Scenario Development Phase 3 - Develop

Scenario Development | Phase 3 – Develop

The purpose of the develop phase is to provide a compilation of products that set the initial conditions and timeline of events imposed on the training audience. Within the scenario, the training audience is presented with problems, completes tasks, and makes decisions to achieve training outcomes. Although the resolution of a scenario can vary greatly, it always addresses the operational environment and general situation.

Events are usually scenario-supported whereas exercises are often scenario-driven.

  • Scenario-supported. In a scenario-supported event, the scenario provides a realistic backdrop for the unit to accomplish its primary goal but does not drive the outcome. 
  • Scenario-driven. In a scenario-driven exercise, the scenario drives unit decision-making and accomplishment of its outcomes. The scenario design prompts the actions of the training audience.

Effective decision making requires both situational understanding to recognize the essence of a give problem and the creative ability to devise practical solutions. The scenario focuses on providing varying degrees of fidelity and resolution to the training audience. It creates the operational environment and constructed situation that are relevant to the scope of the event or exercise being designed.​

The scenario is a compilation of products that set the initial conditions and timeline of events imposed on the training audience. Within the scenario, the training audience is presented with problems, completes tasks, and makes decisions to achieve training outcomes. Although the resolution of a scenario can vary greatly, it always addresses the operational environment and general situation.​

The developer must define the operational environment in relation to the event or exercise. The definition of the operational environment (OE) describes the operational variables that frame an event or exercise.

The operational environment is defined as a composite of the conditions, circumstances, and influences that affect the employment of capabilities and bear on the decisions of the commander. 
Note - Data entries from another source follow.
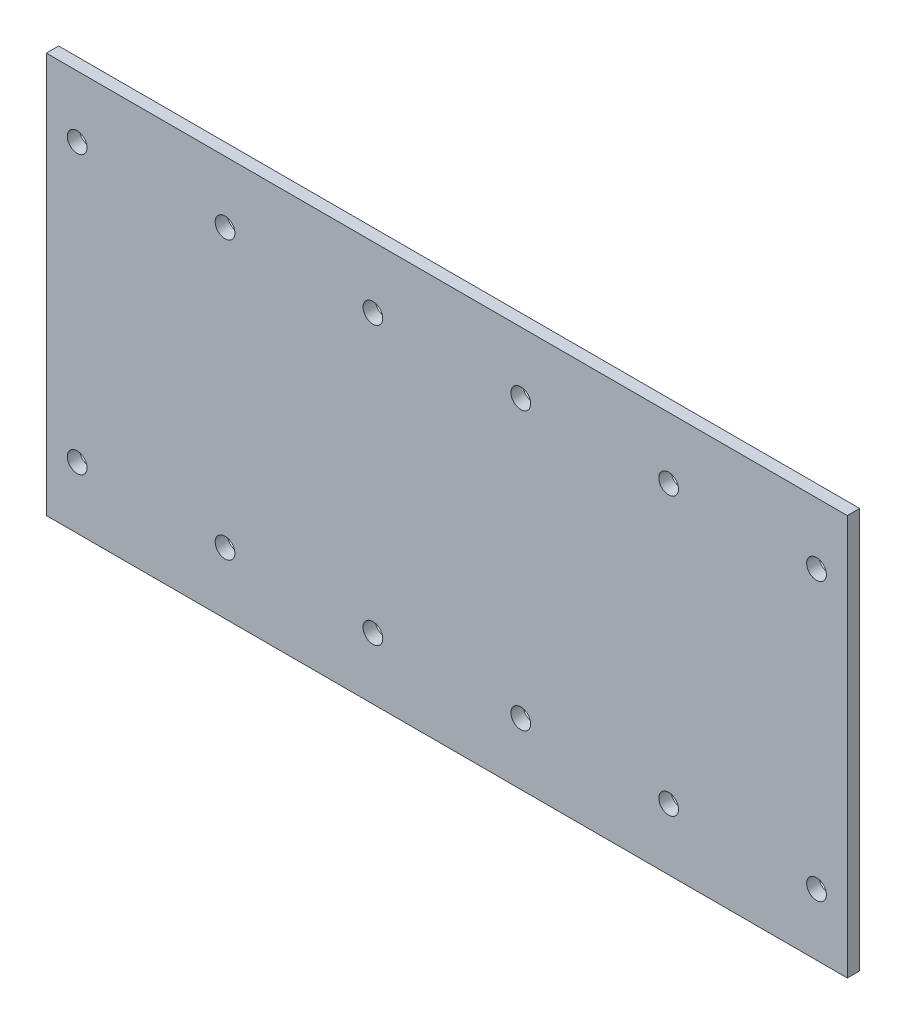
ISO-10303-21;
HEADER;
FILE_DESCRIPTION(('STEP AP214'),'2;1');
FILE_NAME('part.step','',(''),(''),'','','');
FILE_SCHEMA(('AUTOMOTIVE_DESIGN { 1 0 10303 214 1 1 1 1 }'));
ENDSEC;
DATA;
#1=APPLICATION_CONTEXT('core data for automotive mechanical design processes');
#2=APPLICATION_PROTOCOL_DEFINITION('international standard','automotive_design',2000,#1);
#3=PRODUCT_CONTEXT('',#1,'mechanical');
#4=PRODUCT('Part','Part','',(#3));
#5=PRODUCT_RELATED_PRODUCT_CATEGORY('part','',(#4));
#6=PRODUCT_DEFINITION_FORMATION('','',#4);
#7=PRODUCT_DEFINITION_CONTEXT('part definition',#1,'design');
#8=PRODUCT_DEFINITION('design','',#6,#7);
#9=PRODUCT_DEFINITION_SHAPE('','',#8);
#10=(LENGTH_UNIT() NAMED_UNIT(*) SI_UNIT(.MILLI.,.METRE.));
#11=(NAMED_UNIT(*) PLANE_ANGLE_UNIT() SI_UNIT($,.RADIAN.));
#12=(NAMED_UNIT(*) SI_UNIT($,.STERADIAN.) SOLID_ANGLE_UNIT());
#13=UNCERTAINTY_MEASURE_WITH_UNIT(LENGTH_MEASURE(1.E-05),#10,'distance_accuracy_value','');
#14=(GEOMETRIC_REPRESENTATION_CONTEXT(3) GLOBAL_UNCERTAINTY_ASSIGNED_CONTEXT((#13)) GLOBAL_UNIT_ASSIGNED_CONTEXT((#10,
#11,#12)) REPRESENTATION_CONTEXT('',''));
#15=CARTESIAN_POINT('',(0.,0.,0.));
#16=DIRECTION('',(0.,0.,1.));
#17=DIRECTION('',(1.,0.,0.));
#18=AXIS2_PLACEMENT_3D('',#15,#16,#17);
#19=CARTESIAN_POINT('',(0.,0.,2.));
#20=DIRECTION('',(0.,0.,-1.));
#21=DIRECTION('',(-1.,0.,0.));
#22=AXIS2_PLACEMENT_3D('',#19,#20,#21);
#23=PLANE('',#22);
#24=DIRECTION('',(0.,-1.,0.));
#25=VECTOR('',#24,1.);
#26=CARTESIAN_POINT('',(0.,0.,2.));
#27=LINE('',#26,#25);
#28=CARTESIAN_POINT('',(0.,65.,2.));
#29=VERTEX_POINT('',#28);
#30=CARTESIAN_POINT('',(0.,0.,2.));
#31=VERTEX_POINT('',#30);
#32=EDGE_CURVE('E89',#29,#31,#27,.T.);
#33=ORIENTED_EDGE('',*,*,#32,.T.);
#34=DIRECTION('',(1.,0.,0.));
#35=VECTOR('',#34,1.);
#36=CARTESIAN_POINT('',(0.,0.,2.));
#37=LINE('',#36,#35);
#38=CARTESIAN_POINT('',(130.,0.,2.));
#39=VERTEX_POINT('',#38);
#40=EDGE_CURVE('E84',#31,#39,#37,.T.);
#41=ORIENTED_EDGE('',*,*,#40,.T.);
#42=DIRECTION('',(0.,1.,0.));
#43=VECTOR('',#42,1.);
#44=CARTESIAN_POINT('',(130.,0.,2.));
#45=LINE('',#44,#43);
#46=CARTESIAN_POINT('',(130.,65.,2.));
#47=VERTEX_POINT('',#46);
#48=EDGE_CURVE('E87',#39,#47,#45,.T.);
#49=ORIENTED_EDGE('',*,*,#48,.T.);
#50=DIRECTION('',(-1.,0.,0.));
#51=VECTOR('',#50,1.);
#52=CARTESIAN_POINT('',(0.,65.,2.));
#53=LINE('',#52,#51);
#54=EDGE_CURVE('E54',#47,#29,#53,.T.);
#55=ORIENTED_EDGE('',*,*,#54,.T.);
#56=EDGE_LOOP('',(#33,#41,#49,#55));
#57=FACE_BOUND('',#56,.T.);
#58=CARTESIAN_POINT('',(125.,55.,2.));
#59=DIRECTION('',(0.,0.,1.));
#60=DIRECTION('',(1.,0.,0.));
#61=AXIS2_PLACEMENT_3D('',#58,#59,#60);
#62=CIRCLE('',#61,1.60000000000002);
#63=CARTESIAN_POINT('',(126.6,55.,2.));
#64=VERTEX_POINT('',#63);
#65=EDGE_CURVE('E104',#64,#64,#62,.T.);
#66=ORIENTED_EDGE('',*,*,#65,.F.);
#67=EDGE_LOOP('',(#66));
#68=FACE_BOUND('',#67,.T.);
#69=CARTESIAN_POINT('',(101.,55.,2.));
#70=DIRECTION('',(0.,0.,1.));
#71=DIRECTION('',(1.,0.,0.));
#72=AXIS2_PLACEMENT_3D('',#69,#70,#71);
#73=CIRCLE('',#72,1.60000000000001);
#74=CARTESIAN_POINT('',(102.6,55.,2.));
#75=VERTEX_POINT('',#74);
#76=EDGE_CURVE('E119',#75,#75,#73,.T.);
#77=ORIENTED_EDGE('',*,*,#76,.F.);
#78=EDGE_LOOP('',(#77));
#79=FACE_BOUND('',#78,.T.);
#80=CARTESIAN_POINT('',(77.,55.,2.));
#81=DIRECTION('',(0.,0.,1.));
#82=DIRECTION('',(1.,0.,0.));
#83=AXIS2_PLACEMENT_3D('',#80,#81,#82);
#84=CIRCLE('',#83,1.60000000000001);
#85=CARTESIAN_POINT('',(78.6,55.,2.));
#86=VERTEX_POINT('',#85);
#87=EDGE_CURVE('E125',#86,#86,#84,.T.);
#88=ORIENTED_EDGE('',*,*,#87,.F.);
#89=EDGE_LOOP('',(#88));
#90=FACE_BOUND('',#89,.T.);
#91=CARTESIAN_POINT('',(53.,55.,2.));
#92=DIRECTION('',(0.,0.,1.));
#93=DIRECTION('',(1.,0.,0.));
#94=AXIS2_PLACEMENT_3D('',#91,#92,#93);
#95=CIRCLE('',#94,1.60000000000001);
#96=CARTESIAN_POINT('',(54.6,55.,2.));
#97=VERTEX_POINT('',#96);
#98=EDGE_CURVE('E131',#97,#97,#95,.T.);
#99=ORIENTED_EDGE('',*,*,#98,.F.);
#100=EDGE_LOOP('',(#99));
#101=FACE_BOUND('',#100,.T.);
#102=CARTESIAN_POINT('',(29.,55.,2.));
#103=DIRECTION('',(0.,0.,1.));
#104=DIRECTION('',(1.,0.,0.));
#105=AXIS2_PLACEMENT_3D('',#102,#103,#104);
#106=CIRCLE('',#105,1.6);
#107=CARTESIAN_POINT('',(30.6,55.,2.));
#108=VERTEX_POINT('',#107);
#109=EDGE_CURVE('E137',#108,#108,#106,.T.);
#110=ORIENTED_EDGE('',*,*,#109,.F.);
#111=EDGE_LOOP('',(#110));
#112=FACE_BOUND('',#111,.T.);
#113=CARTESIAN_POINT('',(29.,10.,2.));
#114=DIRECTION('',(0.,0.,1.));
#115=DIRECTION('',(1.,0.,0.));
#116=AXIS2_PLACEMENT_3D('',#113,#114,#115);
#117=CIRCLE('',#116,1.6);
#118=CARTESIAN_POINT('',(30.6,10.,2.));
#119=VERTEX_POINT('',#118);
#120=EDGE_CURVE('E143',#119,#119,#117,.T.);
#121=ORIENTED_EDGE('',*,*,#120,.F.);
#122=EDGE_LOOP('',(#121));
#123=FACE_BOUND('',#122,.T.);
#124=CARTESIAN_POINT('',(53.,10.,2.));
#125=DIRECTION('',(0.,0.,1.));
#126=DIRECTION('',(1.,0.,0.));
#127=AXIS2_PLACEMENT_3D('',#124,#125,#126);
#128=CIRCLE('',#127,1.6);
#129=CARTESIAN_POINT('',(54.6,10.,2.));
#130=VERTEX_POINT('',#129);
#131=EDGE_CURVE('E149',#130,#130,#128,.T.);
#132=ORIENTED_EDGE('',*,*,#131,.F.);
#133=EDGE_LOOP('',(#132));
#134=FACE_BOUND('',#133,.T.);
#135=CARTESIAN_POINT('',(77.,10.,2.));
#136=DIRECTION('',(0.,0.,1.));
#137=DIRECTION('',(1.,0.,0.));
#138=AXIS2_PLACEMENT_3D('',#135,#136,#137);
#139=CIRCLE('',#138,1.6);
#140=CARTESIAN_POINT('',(78.6,10.,2.));
#141=VERTEX_POINT('',#140);
#142=EDGE_CURVE('E155',#141,#141,#139,.T.);
#143=ORIENTED_EDGE('',*,*,#142,.F.);
#144=EDGE_LOOP('',(#143));
#145=FACE_BOUND('',#144,.T.);
#146=CARTESIAN_POINT('',(101.,10.,2.));
#147=DIRECTION('',(0.,0.,1.));
#148=DIRECTION('',(1.,0.,0.));
#149=AXIS2_PLACEMENT_3D('',#146,#147,#148);
#150=CIRCLE('',#149,1.6);
#151=CARTESIAN_POINT('',(102.6,10.,2.));
#152=VERTEX_POINT('',#151);
#153=EDGE_CURVE('E161',#152,#152,#150,.T.);
#154=ORIENTED_EDGE('',*,*,#153,.F.);
#155=EDGE_LOOP('',(#154));
#156=FACE_BOUND('',#155,.T.);
#157=CARTESIAN_POINT('',(125.,10.,2.));
#158=DIRECTION('',(0.,0.,1.));
#159=DIRECTION('',(1.,0.,0.));
#160=AXIS2_PLACEMENT_3D('',#157,#158,#159);
#161=CIRCLE('',#160,1.60000000000002);
#162=CARTESIAN_POINT('',(126.6,10.,2.));
#163=VERTEX_POINT('',#162);
#164=EDGE_CURVE('E167',#163,#163,#161,.T.);
#165=ORIENTED_EDGE('',*,*,#164,.F.);
#166=EDGE_LOOP('',(#165));
#167=FACE_BOUND('',#166,.T.);
#168=CARTESIAN_POINT('',(5.00000000000001,10.,2.));
#169=DIRECTION('',(0.,0.,1.));
#170=DIRECTION('',(1.,0.,0.));
#171=AXIS2_PLACEMENT_3D('',#168,#169,#170);
#172=CIRCLE('',#171,1.6);
#173=CARTESIAN_POINT('',(6.60000000000001,10.,2.));
#174=VERTEX_POINT('',#173);
#175=EDGE_CURVE('E173',#174,#174,#172,.T.);
#176=ORIENTED_EDGE('',*,*,#175,.F.);
#177=EDGE_LOOP('',(#176));
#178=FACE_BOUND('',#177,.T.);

The major decision that needs to be made is whether the training OE will be based on an actual OE or a composite Decisive Action Training Environment (DATE) OE. This decision depends on whether the event or exercise is based on a directed or contingency mission. If a unit is assigned a contingency mission in a particular area of the world, its training could be based on a real location and OE. If a unit is focused on executing its mission essential tasks, the OE could be selected from one of the DATE countries located on the OE Data Integration Network (ODIN).

Success in MDO and LSCO requires a complex and dynamic OE (with a mixture of well-structured and ill-structured problem sets) to challenge leaders and service members across the continuum of competition, crisis, and armed conflict in all warfighting functions.

For a scenario to be considered compliant (actual or composite), it must replicate the complex and interrelated Operational Variables for the type of event or exercise and IAW senior Army directives, exercise director’s guidance, and training objectives and outcomes.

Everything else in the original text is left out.